Sounds like he just loves you and is keeping you to himself and protecting you...no idea how to change that... but then you are the one I'd go to for advice in training


----------



## ragdollcatlady (Oct 30, 2012)

> Do anyone have any tips or should I just start him on some Schutzund training?


LOL!  

Sorry I don't have any real advice...but I'll be watching for the training videos when you decide to post them...  .....I have no doubt he will be scarier than any trained dog I have ever seen!


----------



## Roll farms (Oct 30, 2012)

My first Nub doe was that way...wouldn't let anyone near me.  
Luckily she was dehorned but she did knock a customer's kid down once, and luckily again, the customer took it well.
Never did much about it except watched her around others so I can't 'help' you....just sayin' it does happen on occasion, and not just wethers.


----------



## redtailgal (Oct 30, 2012)

well, I guess its somewhat normal.

The way it stands right now, I have to put him on a lead and walk him with me if someone else needs to be in the pasture with me or have Hubby with me to help watch the situation.
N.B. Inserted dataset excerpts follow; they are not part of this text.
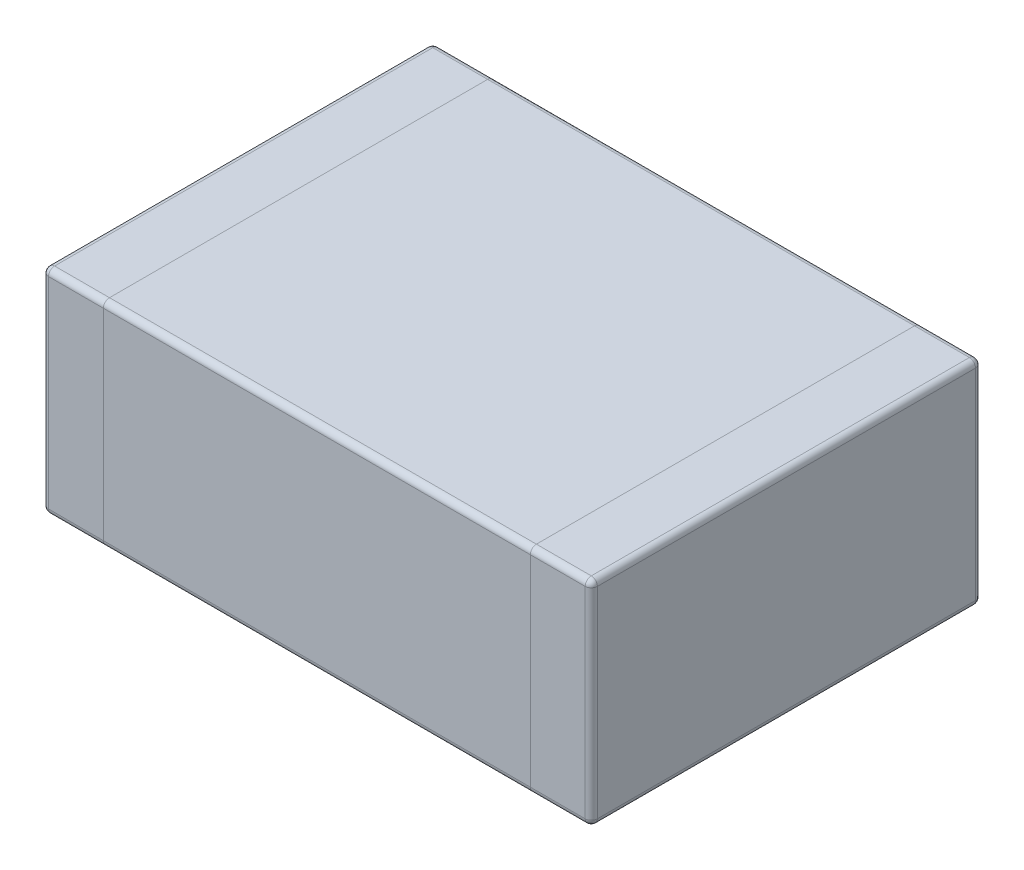
ISO-10303-21;
HEADER;
FILE_DESCRIPTION(('STEP AP214'),'2;1');
FILE_NAME('part.step','',(''),(''),'','','');
FILE_SCHEMA(('AUTOMOTIVE_DESIGN { 1 0 10303 214 1 1 1 1 }'));
ENDSEC;
DATA;
#1=APPLICATION_CONTEXT('core data for automotive mechanical design processes');
#2=APPLICATION_PROTOCOL_DEFINITION('international standard','automotive_design',2000,#1);
#3=PRODUCT_CONTEXT('',#1,'mechanical');
#4=PRODUCT('Part','Part','',(#3));
#5=PRODUCT_RELATED_PRODUCT_CATEGORY('part','',(#4));
#6=PRODUCT_DEFINITION_FORMATION('','',#4);
#7=PRODUCT_DEFINITION_CONTEXT('part definition',#1,'design');
#8=PRODUCT_DEFINITION('design','',#6,#7);
#9=PRODUCT_DEFINITION_SHAPE('','',#8);
#10=(LENGTH_UNIT() NAMED_UNIT(*) SI_UNIT(.MILLI.,.METRE.));
#11=(NAMED_UNIT(*) PLANE_ANGLE_UNIT() SI_UNIT($,.RADIAN.));
#12=(NAMED_UNIT(*) SI_UNIT($,.STERADIAN.) SOLID_ANGLE_UNIT());
#13=UNCERTAINTY_MEASURE_WITH_UNIT(LENGTH_MEASURE(1.E-05),#10,'distance_accuracy_value','');
#14=(GEOMETRIC_REPRESENTATION_CONTEXT(3) GLOBAL_UNCERTAINTY_ASSIGNED_CONTEXT((#13)) GLOBAL_UNIT_ASSIGNED_CONTEXT((#10,
#11,#12)) REPRESENTATION_CONTEXT('',''));
#15=CARTESIAN_POINT('',(0.,0.,0.));
#16=DIRECTION('',(0.,0.,1.));
#17=DIRECTION('',(1.,0.,0.));
#18=AXIS2_PLACEMENT_3D('',#15,#16,#17);
#19=CARTESIAN_POINT('',(2.25,1.75,-1.6));
#20=DIRECTION('',(0.,-1.,0.));
#21=DIRECTION('',(0.,0.,-1.));
#22=AXIS2_PLACEMENT_3D('',#19,#20,#21);
#23=PLANE('',#22);
#24=DIRECTION('',(0.,0.,1.));
#25=VECTOR('',#24,1.);
#26=CARTESIAN_POINT('',(-1.75,1.75,-1.6));
#27=LINE('',#26,#25);
#28=CARTESIAN_POINT('',(-1.75,1.75,-1.55));
#29=VERTEX_POINT('',#28);
#30=CARTESIAN_POINT('',(-1.75,1.75,1.55));
#31=VERTEX_POINT('',#30);
#32=EDGE_CURVE('E11',#29,#31,#27,.T.);
#33=ORIENTED_EDGE('',*,*,#32,.F.);
#34=DIRECTION('',(-1.,0.,0.));
#35=VECTOR('',#34,1.);
#36=CARTESIAN_POINT('',(2.25,1.75,-1.55));
#37=LINE('',#36,#35);
#38=CARTESIAN_POINT('',(-2.2,1.75,-1.55));
#39=VERTEX_POINT('',#38);
#40=EDGE_CURVE('E254',#29,#39,#37,.T.);
#41=ORIENTED_EDGE('',*,*,#40,.T.);
#42=DIRECTION('',(0.,0.,1.));
#43=VECTOR('',#42,1.);
#44=CARTESIAN_POINT('',(-2.2,1.75,-1.6));
#45=LINE('',#44,#43);
#46=CARTESIAN_POINT('',(-2.2,1.75,1.55));
#47=VERTEX_POINT('',#46);
#48=EDGE_CURVE('E257',#39,#47,#45,.T.);
#49=ORIENTED_EDGE('',*,*,#48,.T.);
#50=DIRECTION('',(1.,0.,0.));
#51=VECTOR('',#50,1.);
#52=CARTESIAN_POINT('',(2.25,1.75,1.55));
#53=LINE('',#52,#51);
#54=EDGE_CURVE('E261',#47,#31,#53,.T.);
#55=ORIENTED_EDGE('',*,*,#54,.T.);
#56=EDGE_LOOP('',(#33,#41,#49,#55));
#57=FACE_BOUND('',#56,.T.);
#58=ADVANCED_FACE('F38',(#57),#23,.F.);
#59=DIRECTION('',(0.,0.,-1.));
#60=VECTOR('',#59,1.);
#61=CARTESIAN_POINT('',(1.75,1.75,-1.6));
#62=LINE('',#61,#60);
#63=CARTESIAN_POINT('',(1.75,1.75,1.55));
#64=VERTEX_POINT('',#63);
#65=CARTESIAN_POINT('',(1.75,1.75,-1.55));
#66=VERTEX_POINT('',#65);
#67=EDGE_CURVE('E48',#64,#66,#62,.T.);
#68=ORIENTED_EDGE('',*,*,#67,.F.);
#69=CARTESIAN_POINT('',(2.2,1.75,1.55));
#70=VERTEX_POINT('',#69);
#71=EDGE_CURVE('E260',#64,#70,#53,.T.);
#72=ORIENTED_EDGE('',*,*,#71,.T.);
#73=DIRECTION('',(0.,0.,-1.));
#74=VECTOR('',#73,1.);
#75=CARTESIAN_POINT('',(2.2,1.75,-1.6));
#76=LINE('',#75,#74);
#77=CARTESIAN_POINT('',(2.2,1.75,-1.55));
#78=VERTEX_POINT('',#77);
#79=EDGE_CURVE('E251',#70,#78,#76,.T.);
#80=ORIENTED_EDGE('',*,*,#79,.T.);
#81=EDGE_CURVE('E255',#78,#66,#37,.T.);
#82=ORIENTED_EDGE('',*,*,#81,.T.);
#83=EDGE_LOOP('',(#68,#72,#80,#82));
#84=FACE_BOUND('',#83,.T.);
#85=ADVANCED_FACE('F527',(#84),#23,.F.);
#86=CARTESIAN_POINT('',(2.25,1.7,1.55));
#87=DIRECTION('',(1.,0.,0.));
#88=DIRECTION('',(0.,0.,-1.));
#89=AXIS2_PLACEMENT_3D('',#86,#87,#88);
#90=CYLINDRICAL_SURFACE('',#89,0.05);
#91=DIRECTION('',(1.,0.,0.));
#92=VECTOR('',#91,1.);
#93=CARTESIAN_POINT('',(-2.25,1.7,1.6));
#94=LINE('',#93,#92);
#95=CARTESIAN_POINT('',(-1.75,1.7,1.6));
#96=VERTEX_POINT('',#95);
#97=CARTESIAN_POINT('',(-2.2,1.7,1.6));
#98=VERTEX_POINT('',#97);
#99=EDGE_CURVE('E247',#96,#98,#94,.F.);
#100=ORIENTED_EDGE('',*,*,#99,.F.);
#101=CARTESIAN_POINT('',(-1.75,1.7,1.55));
#102=DIRECTION('',(1.,0.,0.));
#103=DIRECTION('',(0.,0.,-1.));
#104=AXIS2_PLACEMENT_3D('',#101,#102,#103);
#105=CIRCLE('',#104,0.05);
#106=EDGE_CURVE('E355',#96,#31,#105,.F.);
#107=ORIENTED_EDGE('',*,*,#106,.T.);
#108=ORIENTED_EDGE('',*,*,#54,.F.);
#109=CARTESIAN_POINT('',(-2.2,1.7,1.55));
#110=DIRECTION('',(-1.,0.,0.));
#111=DIRECTION('',(0.,-1.,0.));
#112=AXIS2_PLACEMENT_3D('',#109,#110,#111);
#113=CIRCLE('',#112,0.05);
#114=EDGE_CURVE('E331',#47,#98,#113,.F.);
#115=ORIENTED_EDGE('',*,*,#114,.T.);
#116=EDGE_LOOP('',(#100,#107,#108,#115));
#117=FACE_BOUND('',#116,.T.);
#118=ADVANCED_FACE('F484',(#117),#90,.T.);
#119=ORIENTED_EDGE('',*,*,#71,.F.);
#120=CARTESIAN_POINT('',(1.75,1.7,1.55));
#121=DIRECTION('',(-1.,0.,0.));
#122=DIRECTION('',(0.,0.,1.));
#123=AXIS2_PLACEMENT_3D('',#120,#121,#122);
#124=CIRCLE('',#123,0.05);
#125=CARTESIAN_POINT('',(1.75,1.7,1.6));
#126=VERTEX_POINT('',#125);
#127=EDGE_CURVE('E354',#64,#126,#124,.F.);
#128=ORIENTED_EDGE('',*,*,#127,.T.);
#129=CARTESIAN_POINT('',(2.2,1.7,1.6));
#130=VERTEX_POINT('',#129);
#131=EDGE_CURVE('E248',#130,#126,#94,.F.);
#132=ORIENTED_EDGE('',*,*,#131,.F.);
#133=CARTESIAN_POINT('',(2.2,1.7,1.55));
#134=DIRECTION('',(1.,0.,0.));
#135=DIRECTION('',(0.,0.,-1.));
#136=AXIS2_PLACEMENT_3D('',#133,#134,#135);
#137=CIRCLE('',#136,0.05);
#138=EDGE_CURVE('E316',#70,#130,#137,.T.);
#139=ORIENTED_EDGE('',*,*,#138,.F.);
#140=EDGE_LOOP('',(#119,#128,#132,#139));
#141=FACE_BOUND('',#140,.T.);
#142=ADVANCED_FACE('F458',(#141),#90,.T.);
#143=CARTESIAN_POINT('',(-2.25,1.75,1.6));
#144=DIRECTION('',(0.,0.,-1.));
#145=DIRECTION('',(-1.,0.,0.));
#146=AXIS2_PLACEMENT_3D('',#143,#144,#145);
#147=PLANE('',#146);
#148=DIRECTION('',(0.,-1.,0.));
#149=VECTOR('',#148,1.);
#150=CARTESIAN_POINT('',(-1.75,1.75,1.6));
#151=LINE('',#150,#149);
#152=CARTESIAN_POINT('',(-1.75,0.0499999999999999,1.6));
#153=VERTEX_POINT('',#152);
#154=EDGE_CURVE('E350',#96,#153,#151,.T.);
#155=ORIENTED_EDGE('',*,*,#154,.F.);
#156=ORIENTED_EDGE('',*,*,#99,.T.);
#157=DIRECTION('',(0.,-1.,0.));
#158=VECTOR('',#157,1.);
#159=CARTESIAN_POINT('',(-2.2,1.75,1.6));
#160=LINE('',#159,#158);
#161=CARTESIAN_POINT('',(-2.2,0.0499999999999999,1.6));
#162=VERTEX_POINT('',#161);
#163=EDGE_CURVE('E244',#98,#162,#160,.T.);
#164=ORIENTED_EDGE('',*,*,#163,.T.);
#165=DIRECTION('',(1.,0.,0.));
#166=VECTOR('',#165,1.);
#167=CARTESIAN_POINT('',(2.25,0.0499999999999999,1.6));
#168=LINE('',#167,#166);
#169=EDGE_CURVE('E238',#162,#153,#168,.T.);
#170=ORIENTED_EDGE('',*,*,#169,.T.);
#171=EDGE_LOOP('',(#155,#156,#164,#170));
#172=FACE_BOUND('',#171,.T.);
#173=ADVANCED_FACE('F472',(#172),#147,.F.);
#174=DIRECTION('',(0.,1.,0.));
#175=VECTOR('',#174,1.);
#176=CARTESIAN_POINT('',(1.75,1.75,1.6));
#177=LINE('',#176,#175);
#178=CARTESIAN_POINT('',(1.75,0.0499999999999999,1.6));
#179=VERTEX_POINT('',#178);
#180=EDGE_CURVE('E346',#179,#126,#177,.T.);
#181=ORIENTED_EDGE('',*,*,#180,.F.);
#182=CARTESIAN_POINT('',(2.2,0.0499999999999999,1.6));
#183=VERTEX_POINT('',#182);
#184=EDGE_CURVE('E237',#179,#183,#168,.T.);
#185=ORIENTED_EDGE('',*,*,#184,.T.);
#186=DIRECTION('',(0.,-1.,0.));
#187=VECTOR('',#186,1.);
#188=CARTESIAN_POINT('',(2.2,1.75,1.6));
#189=LINE('',#188,#187);
#190=EDGE_CURVE('E241',#183,#130,#189,.F.);
#191=ORIENTED_EDGE('',*,*,#190,.T.);
#192=ORIENTED_EDGE('',*,*,#131,.T.);
#193=EDGE_LOOP('',(#181,#185,#191,#192));
#194=FACE_BOUND('',#193,.T.);
#195=ADVANCED_FACE('F454',(#194),#147,.F.);
#196=CARTESIAN_POINT('',(-2.25,0.0499999999999999,1.55));
#197=DIRECTION('',(-1.,0.,0.));
#198=DIRECTION('',(0.,0.,1.));
#199=AXIS2_PLACEMENT_3D('',#196,#197,#198);
#200=CYLINDRICAL_SURFACE('',#199,0.05);
#201=DIRECTION('',(1.,0.,0.));
#202=VECTOR('',#201,1.);
#203=CARTESIAN_POINT('',(-2.25,0.,1.55));
#204=LINE('',#203,#202);
#205=CARTESIAN_POINT('',(-1.75,0.,1.55));
#206=VERTEX_POINT('',#205);
#207=CARTESIAN_POINT('',(-2.2,0.,1.55));
#208=VERTEX_POINT('',#207);
#209=EDGE_CURVE('E267',#206,#208,#204,.F.);
#210=ORIENTED_EDGE('',*,*,#209,.F.);
#211=CARTESIAN_POINT('',(-1.75,0.0499999999999999,1.55));
#212=DIRECTION('',(1.,0.,0.));
#213=DIRECTION('',(0.,0.,-1.));
#214=AXIS2_PLACEMENT_3D('',#211,#212,#213);
#215=CIRCLE('',#214,0.05);
#216=EDGE_CURVE('E351',#206,#153,#215,.F.);
#217=ORIENTED_EDGE('',*,*,#216,.T.);
#218=ORIENTED_EDGE('',*,*,#169,.F.);
#219=CARTESIAN_POINT('',(-2.2,0.05,1.55));
#220=DIRECTION('',(-1.,0.,0.));
#221=DIRECTION('',(0.,0.,1.));
#222=AXIS2_PLACEMENT_3D('',#219,#220,#221);
#223=CIRCLE('',#222,0.05);
#224=EDGE_CURVE('E322',#162,#208,#223,.F.);
#225=ORIENTED_EDGE('',*,*,#224,.T.);
#226=EDGE_LOOP('',(#210,#217,#218,#225));
#227=FACE_BOUND('',#226,.T.);
#228=ADVANCED_FACE('F510',(#227),#200,.T.);
#229=ORIENTED_EDGE('',*,*,#184,.F.);
#230=CARTESIAN_POINT('',(1.75,0.0499999999999999,1.55));
#231=DIRECTION('',(-1.,0.,0.));
#232=DIRECTION('',(0.,0.,1.));
#233=AXIS2_PLACEMENT_3D('',#230,#231,#232);
#234=CIRCLE('',#233,0.05);
#235=CARTESIAN_POINT('',(1.75,0.,1.55));
#236=VERTEX_POINT('',#235);
#237=EDGE_CURVE('E366',#179,#236,#234,.F.);
#238=ORIENTED_EDGE('',*,*,#237,.T.);
#239=CARTESIAN_POINT('',(2.2,0.,1.55));
#240=VERTEX_POINT('',#239);
#241=EDGE_CURVE('E268',#240,#236,#204,.F.);
#242=ORIENTED_EDGE('',*,*,#241,.F.);
#243=CARTESIAN_POINT('',(2.2,0.0499999999999999,1.55));
#244=DIRECTION('',(1.,0.,0.));
#245=DIRECTION('',(0.,0.,-1.));
#246=AXIS2_PLACEMENT_3D('',#243,#244,#245);
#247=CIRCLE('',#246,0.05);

He did try to "herd" me away from hubby the other day.  Hubby was building some fence and I went down to help.  Socrates came and nuzzled me, but when hubby walked by, Socrates got in front of me and pee'd.  Then Socrates did the "I'm tough" head bob and tried to run me away from hubby, so I bopped Socrates pretty good.  I dont herd well.

THEN Socrates decided he'd just show hubby, and proceeded to stay between me and hubby.  He pee'd several times.  I couldnt get hubby to start peeing in circle around me though. 

When Socrates dipped his head and showed hubby the horns, well, hubby promptly ran him off and wouldn't let him near me.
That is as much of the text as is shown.